◆ WHAT IS REQUIRED ◆
Leave out the images and transcribe the entries below word for word.

[Items from a dataset]
=== Section Start ===

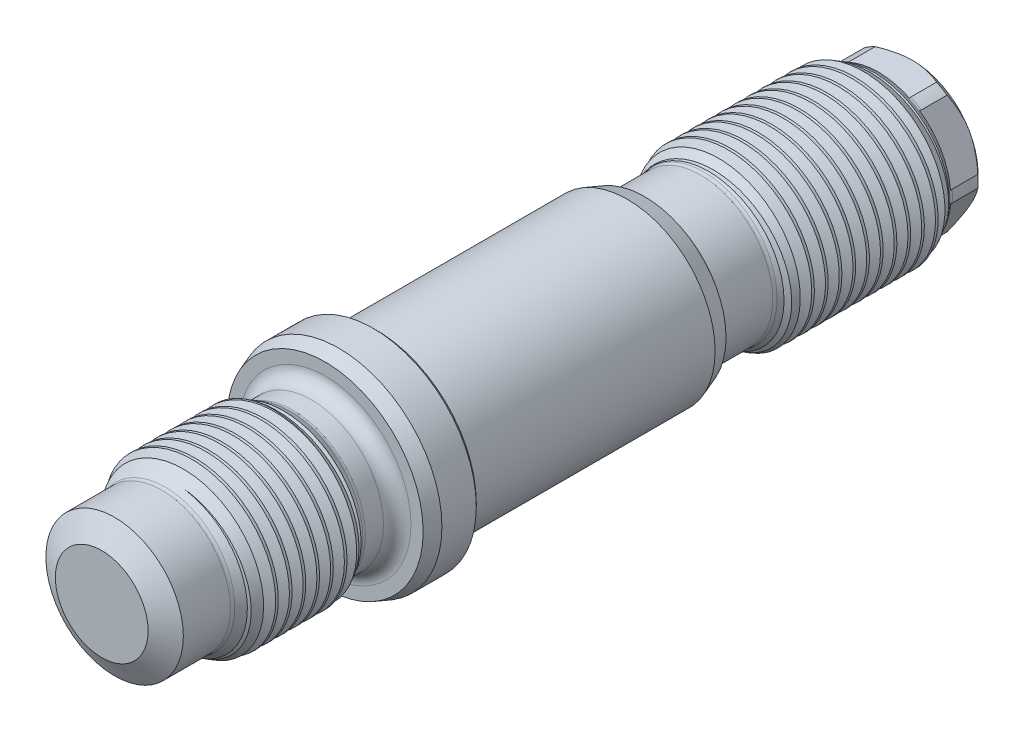
SolidWorks part; units mm, degrees
ref_plane "Front" through (0, 0, 0) normal (0, 0, 1) x (1, 0, 0)
ref_plane "Top" through (0, 0, 0) normal (0, 1, 0) x (1, 0, 0)
ref_plane "Right" through (0, 0, 0) normal (1, 0, 0) x (0, 0, -1)
sketch "Sketch1" plane through (0, 0, 0) normal (1, 0, 0) x (0, 0, -1)
  line L0 (0, 0) -> (114.0536, 0)
  line L1 (0, 0) -> (0, 6.75)
  line L2 (0, 6.75) -> (1.8764, 10)
  line L3 (1.8764, 10) -> (8.7321, 10)
  line L4 (9.2321, 10.134) -> (12.4641, 12)
  line L5 (12.4641, 12) -> (25, 12)
  line L6 (25, 12) -> (27.366, 10.634)
  line L7 (27.866, 10.5) -> (30.5, 10.5)
  line L8 (32.5, 12.5) -> (32.5, 14.2721)
  line L9 (32.5, 14.2721) -> (34.5, 15)
  line L10 (34.5, 15) -> (39.5, 15)
  line L11 (40, 14.5) -> (40, 13.75)
  line L12 (41, 12.75) -> (76.5, 12.75)
  line L13 (118, 3.075) -> (118, 9.5)
  line L14 (118, 9.5) -> (117, 10.5)
  line L15 (117, 10.5) -> (113.2679, 10.5)
  line L16 (112.7679, 10.634) -> (110.4019, 12)
  line L17 (110.4019, 12) -> (90, 12)
  line L18 (90, 12) -> (87.634, 10.634)
  line L19 (87.134, 10.5) -> (80, 10.5)
  line L20 (79, 11.5) -> (79, 11.8401)
  line L21 (79, 11.8401) -> (76.5, 12.75)
  line L22 (39.5, 15) -> (40, 14.5)
  line L23 (0, 0) -> (118, 0) construction
  line L24 (118, 3.075) -> (116.5, 1.575)
  line L25 (116.5, 1.575) -> (115, 1.575)
  line L26 (115, 1.575) -> (114.0536, 0)
  arc A0 (8.7321, 10) -> (9.2321, 10.134) centre (8.7321, 11) ccw
  arc A1 (27.366, 10.634) -> (27.866, 10.5) centre (27.866, 11.5) ccw
  arc A2 (40, 13.75) -> (41, 12.75) centre (41, 13.75) ccw
  arc A3 (113.2679, 10.5) -> (112.7679, 10.634) centre (113.2679, 11.5) cw
  arc A4 (80, 10.5) -> (79, 11.5) centre (80, 11.5) cw
  arc A5 (87.634, 10.634) -> (87.134, 10.5) centre (87.134, 11.5) cw
  arc A6 (30.5, 10.5) -> (32.5, 12.5) centre (30.5, 12.5) ccw
  point P25 (9, 10)
  point P32 (113, 10.5)
  dimension "D28" = 1
  dimension "D29" = 2
  dimension "D2" = 30
  dimension "D3" = 6.75
  dimension "D4" = 10
  dimension "D5" = 12
  dimension "D6" = 9
  dimension "D7" = 30
  dimension "D8" = 25
  dimension "D9" = 30
  dimension "D10" = 10.5
  dimension "D11" = 32.5
  dimension "D12" = 20
  dimension "D13" = 2
  dimension "D14" = 7.5
  dimension "D15" = 15
  dimension "D16" = 12.75
  dimension "D17" = 12
  dimension "D18" = 10.5
  dimension "D19" = 1
  dimension "D20" = 45
  dimension "D21" = 5
  dimension "D22" = 30
  dimension "D23" = 30
  dimension "D24" = 28
  dimension "D25" = 20
  dimension "D26" = 2.5
  dimension "D27" = 39
  dimension "D30" = 0.5
  dimension "D31" = 45
  dimension "D32" = 59
  dimension "D33" = 45
  dimension "D34" = 3
  dimension "D35" = 1.5
  dimension "D36" = 1.575
  dimension "D37" = 118
revolve "Revolve1" add sketch "Sketch1" angle 360 about L0
ref_plane "Plane1" through (0, 0, -118) normal (0, 0, -1) x (-1, 0, 0)
sketch "Sketch2" plane through (0, 0, 0) normal (0, 0, 1) x (1, 0, 0)
  circle A0 centre (0, 0) radius 12
  dimension "D1" = 24
curve "Helix/Spiral1" pitch 2 height 28 radius 12 centre (0, 0, 0) axis (0, 0, -1) start towards (0, 1, 0)
sketch "Sketch3" plane through (0, 0, 0) normal (1, 0, 0) x (0, 0, -1)
  line L0 (0, 10.6) -> (0.99, 12.3147)
  line L1 (0.99, 12.3147) -> (-0.99, 12.3147)
  line L2 (-0.99, 12.3147) -> (0, 10.6)
  dimension "D1" = 60
  dimension "D2" = 60
  dimension "D3" = 1.98
  dimension "D4" = 10.6
sweep "Cut-Sweep1" cut profiles "Sketch3" path "Helix/Spiral1" align with end faces yes
sketch "Sketch4" plane through (0, 0, -118) normal (0, 0, -1) x (-1, 0, 0)
  circle A0 centre (0, 0) radius 12
  dimension "D1" = 24
curve "Helix/Spiral2" pitch 2 height 34 radius 12 centre (0, 0, -118) axis (0, 0, 1) start towards (0, 1, 0)
sketch "Sketch5" plane through (0, 0, 0) normal (1, 0, 0) x (0, 0, -1)
  line L0 (118, 10.6) -> (118.99, 12.3147)
  line L1 (118.99, 12.3147) -> (117.01, 12.3147)
  line L2 (117.01, 12.3147) -> (118, 10.6)
  line L3 (0, 0) -> (118, 0) construction
  dimension "D1" = 1.98
  dimension "D2" = 60
  dimension "D3" = 60
  dimension "D4" = 118
  dimension "D5" = 10.6
sweep "Cut-Sweep2" cut profiles "Sketch5" path "Helix/Spiral2" align with end faces yes
sketch "Sketch6" plane through (0, 0, -118) normal (0, 0, -1) x (-1, 0, 0)
  line L1 (-10.9697, 0) -> (-5.4848, -9.5)
  line L2 (-5.4848, -9.5) -> (5.4848, -9.5)
  line L3 (5.4848, -9.5) -> (10.9697, 0)
  line L4 (10.9697, 0) -> (5.4848, 9.5)
  line L5 (5.4848, 9.5) -> (-5.4848, 9.5)
  line L6 (-5.4848, 9.5) -> (-10.9697, 0)
  circle A0 centre (0, 0) radius 9.5 construction
  dimension "D1" = 19
extrude "Cut-Extrude1" cut sketch "Sketch6" against normal blind 5 flip side to cut

=== Section End ===

◆ ANSWER FOR THE TASK ◆
SolidWorks part; units mm, degrees
ref_plane "Front" through (0, 0, 0) normal (0, 0, 1) x (1, 0, 0)
ref_plane "Top" through (0, 0, 0) normal (0, 1, 0) x (1, 0, 0)
ref_plane "Right" through (0, 0, 0) normal (1, 0, 0) x (0, 0, -1)
sketch "Sketch1" plane through (0, 0, 0) normal (1, 0, 0) x (0, 0, -1)
  line L0 (0, 0) -> (114.0536, 0)
  line L1 (0, 0) -> (0, 6.75)
  line L2 (0, 6.75) -> (1.8764, 10)
  line L3 (1.8764, 10) -> (8.7321, 10)
  line L4 (9.2321, 10.134) -> (12.4641, 12)
  line L5 (12.4641, 12) -> (25, 12)
  line L6 (25, 12) -> (27.366, 10.634)
  line L7 (27.866, 10.5) -> (30.5, 10.5)
  line L8 (32.5, 12.5) -> (32.5, 14.2721)
  line L9 (32.5, 14.2721) -> (34.5, 15)
  line L10 (34.5, 15) -> (39.5, 15)
  line L11 (40, 14.5) -> (40, 13.75)
  line L12 (41, 12.75) -> (76.5, 12.75)
  line L13 (118, 3.075) -> (118, 9.5)
  line L14 (118, 9.5) -> (117, 10.5)
  line L15 (117, 10.5) -> (113.2679, 10.5)
  line L16 (112.7679, 10.634) -> (110.4019, 12)
  line L17 (110.4019, 12) -> (90, 12)
  line L18 (90, 12) -> (87.634, 10.634)
  line L19 (87.134, 10.5) -> (80, 10.5)
  line L20 (79, 11.5) -> (79, 11.8401)
  line L21 (79, 11.8401) -> (76.5, 12.75)
  line L22 (39.5, 15) -> (40, 14.5)
  line L23 (0, 0) -> (118, 0) construction
  line L24 (118, 3.075) -> (116.5, 1.575)
  line L25 (116.5, 1.575) -> (115, 1.575)
  line L26 (115, 1.575) -> (114.0536, 0)
  arc A0 (8.7321, 10) -> (9.2321, 10.134) centre (8.7321, 11) ccw
  arc A1 (27.366, 10.634) -> (27.866, 10.5) centre (27.866, 11.5) ccw
  arc A2 (40, 13.75) -> (41, 12.75) centre (41, 13.75) ccw
  arc A3 (113.2679, 10.5) -> (112.7679, 10.634) centre (113.2679, 11.5) cw
  arc A4 (80, 10.5) -> (79, 11.5) centre (80, 11.5) cw
  arc A5 (87.634, 10.634) -> (87.134, 10.5) centre (87.134, 11.5) cw
  arc A6 (30.5, 10.5) -> (32.5, 12.5) centre (30.5, 12.5) ccw
  point P25 (9, 10)
  point P32 (113, 10.5)
  dimension "D28" = 1
  dimension "D29" = 2
  dimension "D2" = 30
  dimension "D3" = 6.75
  dimension "D4" = 10
  dimension "D5" = 12
  dimension "D6" = 9
  dimension "D7" = 30
  dimension "D8" = 25
  dimension "D9" = 30
  dimension "D10" = 10.5
  dimension "D11" = 32.5
  dimension "D12" = 20
  dimension "D13" = 2
  dimension "D14" = 7.5
  dimension "D15" = 15
  dimension "D16" = 12.75
  dimension "D17" = 12
  dimension "D18" = 10.5
  dimension "D19" = 1
  dimension "D20" = 45
  dimension "D21" = 5
  dimension "D22" = 30
  dimension "D23" = 30
  dimension "D24" = 28
  dimension "D25" = 20
  dimension "D26" = 2.5
  dimension "D27" = 39
  dimension "D30" = 0.5
  dimension "D31" = 45
  dimension "D32" = 59
  dimension "D33" = 45
  dimension "D34" = 3
  dimension "D35" = 1.5
  dimension "D36" = 1.575
  dimension "D37" = 118
revolve "Revolve1" add sketch "Sketch1" angle 360 about L0
ref_plane "Plane1" through (0, 0, -118) normal (0, 0, -1) x (-1, 0, 0)
sketch "Sketch2" plane through (0, 0, 0) normal (0, 0, 1) x (1, 0, 0)
  circle A0 centre (0, 0) radius 12
  dimension "D1" = 24
curve "Helix/Spiral1" pitch 2 height 28 radius 12 centre (0, 0, 0) axis (0, 0, -1) start towards (0, 1, 0)
sketch "Sketch3" plane through (0, 0, 0) normal (1, 0, 0) x (0, 0, -1)
  line L0 (0, 10.6) -> (0.99, 12.3147)
  line L1 (0.99, 12.3147) -> (-0.99, 12.3147)
  line L2 (-0.99, 12.3147) -> (0, 10.6)
  dimension "D1" = 60
  dimension "D2" = 60
  dimension "D3" = 1.98
  dimension "D4" = 10.6
sweep "Cut-Sweep1" cut profiles "Sketch3" path "Helix/Spiral1" align with end faces yes
sketch "Sketch4" plane through (0, 0, -118) normal (0, 0, -1) x (-1, 0, 0)
  circle A0 centre (0, 0) radius 12
  dimension "D1" = 24
curve "Helix/Spiral2" pitch 2 height 34 radius 12 centre (0, 0, -118) axis (0, 0, 1) start towards (0, 1, 0)
sketch "Sketch5" plane through (0, 0, 0) normal (1, 0, 0) x (0, 0, -1)
  line L0 (118, 10.6) -> (118.99, 12.3147)
  line L1 (118.99, 12.3147) -> (117.01, 12.3147)
  line L2 (117.01, 12.3147) -> (118, 10.6)
  line L3 (0, 0) -> (118, 0) construction
  dimension "D1" = 1.98
  dimension "D2" = 60
  dimension "D3" = 60
  dimension "D4" = 118
  dimension "D5" = 10.6
sweep "Cut-Sweep2" cut profiles "Sketch5" path "Helix/Spiral2" align with end faces yes
sketch "Sketch6" plane through (0, 0, -118) normal (0, 0, -1) x (-1, 0, 0)
  line L1 (-10.9697, 0) -> (-5.4848, -9.5)
  line L2 (-5.4848, -9.5) -> (5.4848, -9.5)
  line L3 (5.4848, -9.5) -> (10.9697, 0)
  line L4 (10.9697, 0) -> (5.4848, 9.5)
  line L5 (5.4848, 9.5) -> (-5.4848, 9.5)
  line L6 (-5.4848, 9.5) -> (-10.9697, 0)
  circle A0 centre (0, 0) radius 9.5 construction
  dimension "D1" = 19
extrude "Cut-Extrude1" cut sketch "Sketch6" against normal blind 5 flip side to cut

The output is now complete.